Sheltered by our own wonderful community, I was shocked when I tried to pack our little family off to Disneyland on an American airline this fall. The airline had advertised itself as not serving snacks, so I purchased the reduced-fare tickets with enthusiasm and was looking forward to our trip. A week before our scheduled departure, I realized, buried in the deepest part of their website, that they served peanut M&Ms. I politely requested our money back, not wanting to cause an anaphylatic scene one-mile-high. I was naive, I could not have predicted that society does not care about little children with peanut allergy. I was told, “Children with peanut allergy should just stay home.” “You are making this up to get attention.” “We love peanuts, how dare you ask us to give them up.” We are not alone: recently in Guelph, a radio show said a little Grade 1 girl who was requesting an anaphylatic-free classroom, should just “eat peanuts and die to strengthen the human race.”
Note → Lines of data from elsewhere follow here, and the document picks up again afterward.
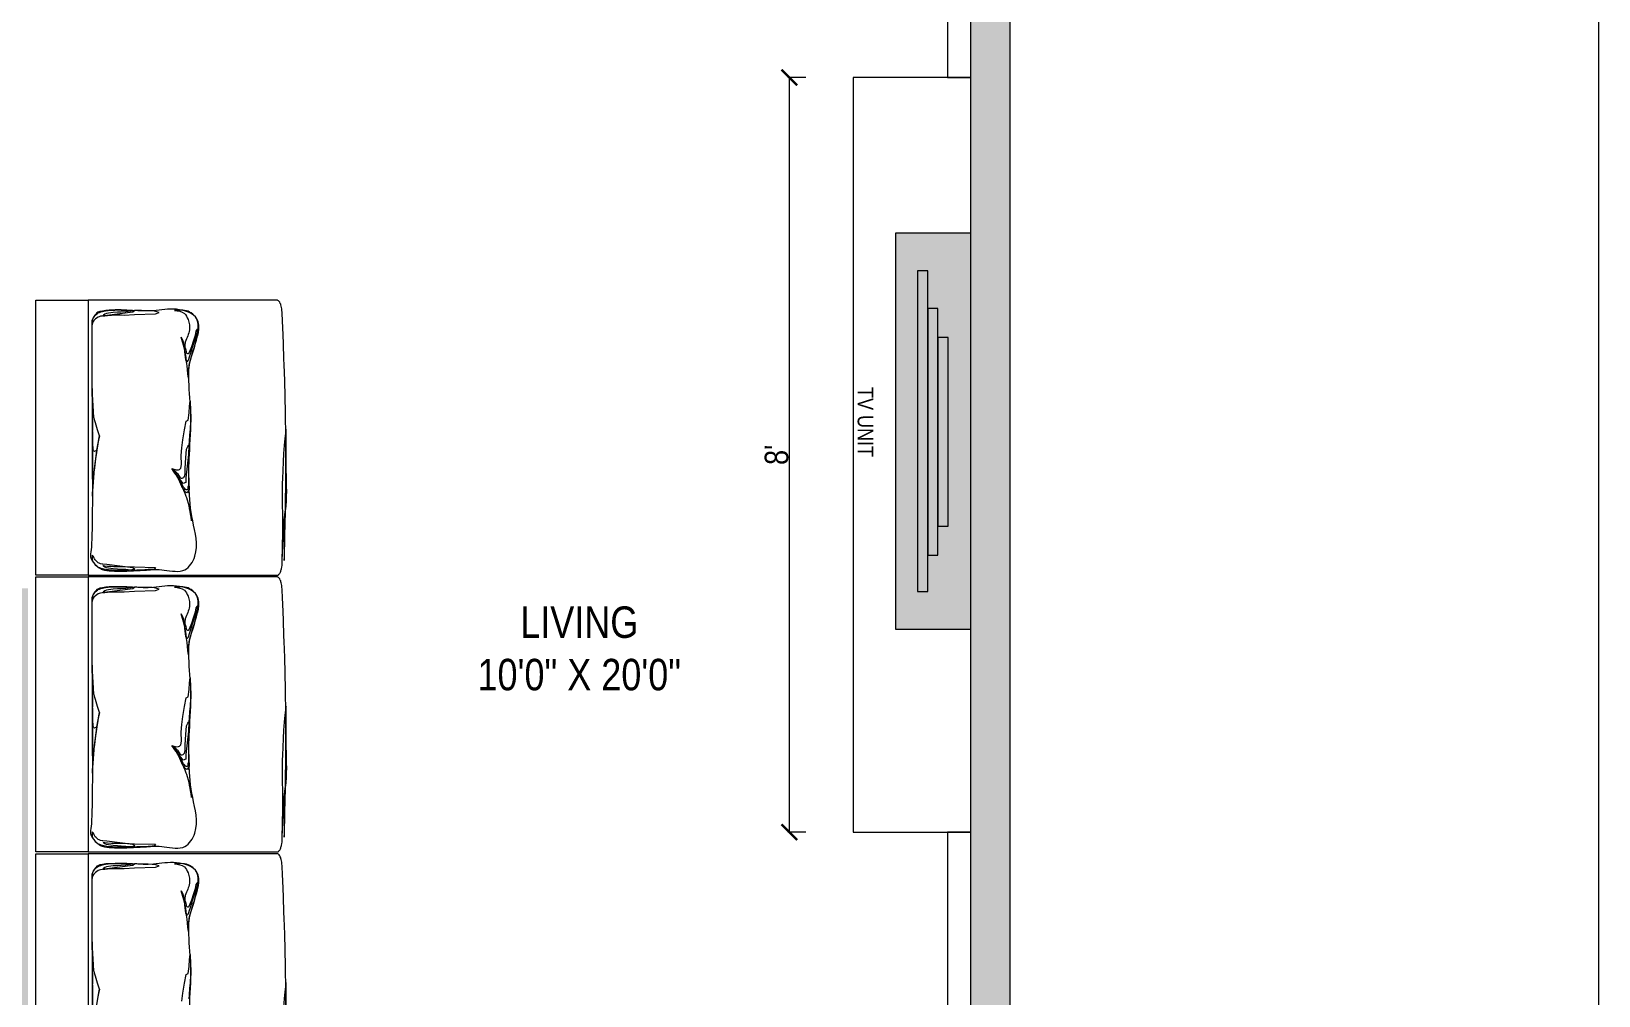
# Model space of a CAD drawing. Header units: inches. Extents: x 5190 to 13977, y 21300 to 43633.
# Drawn here: x 8111 to 8310.5, y 21800.7 to 21923.4 of the extents above; entities that cross this region are included whole.
import ezdxf

# ---------------------------------------------------------------- set-up
doc = ezdxf.new("R2010")
doc.units = ezdxf.units.IN
doc.header["$LTSCALE"] = 3
doc.header["$MEASUREMENT"] = 0
doc.linetypes.add('CENTER', pattern=[2, 1.25, -0.25, 0.25, -0.25])
for name, color, linetype, lineweight in [('A_FURNITURE', 251, 'Continuous', 9), ('A_TEXT', 7, 'Continuous', 18), ('A_WALL HATCH', 8, 'Continuous', 15), ('GLINE', 7, 'Continuous', 20)]:
    doc.layers.add(name, color=color, linetype=linetype, lineweight=lineweight)
doc.layers.add('A_FURNITURE HATCH', color=7, linetype='Continuous', lineweight=18, true_color=0xe0e0e0)
doc.styles.add('ARIAL', font='ARIALN.TTF')
doc.dimstyles.get("Standard").update_dxf_attribs({"dimtxt": 3, "dimasz": 2, "dimexe": 0.18, "dimexo": 6, "dimgap": 0.09, "dimtad": 1, "dimdec": 1, "dimzin": 0, "dimdsep": 46, "dimlunit": 4, "dimtxsty": 'ARIAL', "dimblk": 'ARCHTICK', "dimcen": 0.09, "dimclrd": 251, "dimclre": 251, "dimadec": 0, "dimazin": 0, "dimtfac": 1, "dimtdec": 1, "dimtofl": 0, "dimtmove": 0, "dimatfit": 3, "dimfxl": 1, "dimtolj": 1, "dimtzin": 0, "dimlwd": 20, "dimlwe": 20, "dimarcsym": 0})

# ---------------------------------------------------------------- blocks, each defined once
blk = doc.blocks.new('tv unit 03')
at = {"layer": 'A_FURNITURE HATCH', "true_color": 0xffffff}
h = blk.add_hatch(color=7, dxfattribs=at)
h.dxf.hatch_style = 1
h.paths.add_polyline_path([(-200, -850), (0, -850), (0, 200), (-200, 200)])
at = {"layer": 'A_FURNITURE HATCH', "true_color": 0x636466}
h = blk.add_hatch(color=251, dxfattribs=at)
h.dxf.hatch_style = 1
h.paths.add_polyline_path([(-112.5, -649.9), (-85.6, -649.9), (-85.6, 3.7), (-112.5, 3.7)])
h.paths.add_polyline_path([(-139.5, -573.1), (-112.5, -573.1), (-112.5, -73.1), (-139.5, -73.1)])
at = {"layer": 'A_FURNITURE'}
for points in [[(-200, -850), (0, -850), (0, 200), (-200, 200)], [(-85.6, -750), (-58.7, -750), (-58.7, 100), (-85.6, 100)], [(-112.5, -649.9), (-85.6, -649.9), (-85.6, 3.7), (-112.5, 3.7)], [(-139.5, -573.1), (-112.5, -573.1), (-112.5, -73.1), (-139.5, -73.1)]]:
    blk.add_lwpolyline(points, close=True, dxfattribs=at)
blk = doc.blocks.new('segv')
at = {"layer": 'A_FURNITURE', "linetype": 'Continuous', "lineweight": 15}
for points in [[(6726.58, 21954.15), (6726.6, 21952.05), (6726.6, 21951.45), (6726.63, 21949.84), (6726.64, 21949.06), (6726.68, 21947.01), (6726.73, 21944.99), (6726.79, 21942.96), (6726.82, 21942.24), (6726.89, 21940.25), (6726.98, 21938.17), (6727.01, 21937.45), (6727.07, 21936.34), (6727.08, 21936.02), (6727.09, 21935.85), (6727.12, 21935.68), (6727.16, 21935.49), (6727.2, 21935.36), (6727.23, 21935.27), (6727.29, 21935.15), (6727.35, 21935.02), (6727.43, 21934.92), (6727.5, 21934.84), (6727.59, 21934.79), (6727.63, 21934.77), (6727.71, 21934.77), (6751.73, 21934.77), (6751.73, 21969.74)], [(6739.81, 21953.52), (6739.68, 21952.51), (6739.5, 21951.24), (6739.25, 21950.14), (6739.01, 21950.02), (6738.9, 21949.1), (6738.83, 21948.22), (6738.74, 21947.58), (6738.7, 21948.79), (6738.69, 21949.62), (6738.69, 21950.25), (6738.72, 21950.21), (6738.77, 21951.18), (6738.83, 21951.9), (6738.89, 21952.72), (6738.91, 21953.21)], [(6751.16, 21952.9), (6751.21, 21949.95), (6751.22, 21952.75), (6751.22, 21954.5)], [(6750.47, 21953.03), (6750.37, 21952.42), (6750.29, 21952.01), (6750.51, 21952.93)], [(6737.82, 21938.46), (6737.91, 21939.22), (6738.02, 21939.73), (6738.13, 21940.21), (6738.27, 21940.81), (6738.43, 21941.34), (6738.64, 21941.98), (6738.89, 21942.81), (6738.92, 21943.02), (6738.96, 21943.53), (6738.98, 21944.18), (6738.98, 21944.67), (6739.04, 21944.12), (6739.11, 21943.57), (6739.16, 21943.1), (6739.22, 21942.6), (6739.29, 21942.02), (6739.37, 21941.51), (6739.54, 21940.76), (6739.81, 21939.77), (6739.89, 21939.47), (6739.73, 21939.77), (6739.47, 21940.58), (6739.33, 21941.06), (6739.28, 21941.33), (6739.21, 21941.47), (6739.1, 21941.53), (6739, 21941.53), (6738.9, 21941.45), (6738.74, 21941.15), (6738.56, 21940.63), (6738.34, 21939.94), (6738.13, 21939.34), (6738.05, 21938.99), (6737.99, 21938.67), (6737.82, 21938.46)], [(6737.82, 21903.26), (6737.91, 21904.02), (6738.02, 21904.53), (6738.13, 21905.01), (6738.27, 21905.61), (6738.43, 21906.14), (6738.64, 21906.77), (6738.89, 21907.6), (6738.92, 21907.82), (6738.96, 21908.32), (6738.98, 21908.98), (6738.98, 21909.47), (6739.04, 21908.92), (6739.11, 21908.37), (6739.16, 21907.9), (6739.22, 21907.39), (6739.29, 21906.82), (6739.37, 21906.31), (6739.54, 21905.56), (6739.81, 21904.56), (6739.89, 21904.27), (6739.73, 21904.57), (6739.47, 21905.38), (6739.33, 21905.85), (6739.28, 21906.13), (6739.21, 21906.27), (6739.1, 21906.33), (6739, 21906.33), (6738.9, 21906.25), (6738.74, 21905.95), (6738.56, 21905.43), (6738.34, 21904.74), (6738.13, 21904.14), (6738.05, 21903.78), (6737.99, 21903.47), (6737.82, 21903.26)], [(6737.82, 21868.05), (6737.91, 21868.82), (6738.02, 21869.33), (6738.13, 21869.81), (6738.27, 21870.4), (6738.43, 21870.93), (6738.64, 21871.57), (6738.89, 21872.4), (6738.92, 21872.61), (6738.96, 21873.12), (6738.98, 21873.78), (6738.98, 21874.27), (6739.04, 21873.72), (6739.11, 21873.16), (6739.16, 21872.69), (6739.22, 21872.19), (6739.29, 21871.62), (6739.37, 21871.11), (6739.54, 21870.36), (6739.81, 21869.36), (6739.89, 21869.07), (6739.73, 21869.37), (6739.47, 21870.18), (6739.33, 21870.65), (6739.28, 21870.93), (6739.21, 21871.07), (6739.1, 21871.12), (6739, 21871.13), (6738.9, 21871.05), (6738.74, 21870.75), (6738.56, 21870.23), (6738.34, 21869.54), (6738.13, 21868.94), (6738.05, 21868.58), (6737.99, 21868.27), (6737.82, 21868.05)]]:
    blk.add_lwpolyline(points, dxfattribs=at)
for points in [[(6758.39, 21969.74), (6758.39, 21934.77), (6751.73, 21934.77), (6751.73, 21969.74)], [(6750.29, 21952.01), (6750.54, 21951.23), (6750.8, 21950.34), (6751, 21949.66), (6751.22, 21945.99), (6751.2, 21959.55), (6750.93, 21956.19), (6750.62, 21953.94)], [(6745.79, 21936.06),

Once upon a time, a Nobel-prize winning physician named Dr. Charles Richet easily created food anaphylaxis in animals through injections. (In fact he created the term “anaphylaxis.”) It was perfectly delightful, shoot them full of a food ingredient one day, wait a few weeks, feed them that same item, and then watch them die. It was easy. And the body is smart: keep disease, bacteria, and food protein out of the blood.

In Japan in the early 1990s, they created Jello allergy through the infant DTaP vaccine. However, they worked quickly and efficiently to fix this, and Jello allergy has gone away.

Peanut oil is a well-documented ingredient in the pharmaceutical industry. Cheap and plentiful, it slows down the release of medicines in our bodies. But with pharmaceutical companies hiding behind proprietary rights and ambiguous labeling, how can anyone be sure how much peanut protein is floating around in children's medications?

In spring 2013, the Canadian Parliament passed Anaphylaxis Motion 230. With seven per cent of the population being anaphylatic, something had to be done. Promising more money for research and improved quality of life, anaphylatic families are encouraged to present their needs to their MPs.

The pro-vaccine, industry website Fierce Vaccines documents that vaccines now have the largest profit margin in the biotech industry. And yet, as discussed in the Globe and Mail, vaccine companies are free from any threat of lawsuit. Individual injury in the name of the greater good leaves a person with no compensation or legal recourse in Canada.

Food allergy can happen to anyone. Studies on whether or not to eat peanuts while pregnant, when to introduce peanuts in the diet, and genetics have gone round and round twice in these eight years of living with peanut allergy. Yet, we know people have eaten peanuts for hundreds of years with no problems.

Currently peanut allergy reigns supreme in childhood circles because children get the most shots (including day-of-birth Vitamin K injections). But with more and more vaccines being prescribed for adults too (like shingles and flu), a nasty food allergy could be in anyone's future.

And, as Heather Fraser predicted in her book The Peanut Allergy Epidemic, where Western-style pharmaceuticals go, peanut allergy follows. Missionary friends in West Africa recently commented how they are suddenly seeing peanut allergy there.

We need safer injectable medicines and vaccines, and pharmaceutical companies do have the money to produce them. Canadian government, we need stronger health policies that ensure pharmaceuticals are free from favourite foods. We need to remove peanut oil from our children's medicines and vaccines.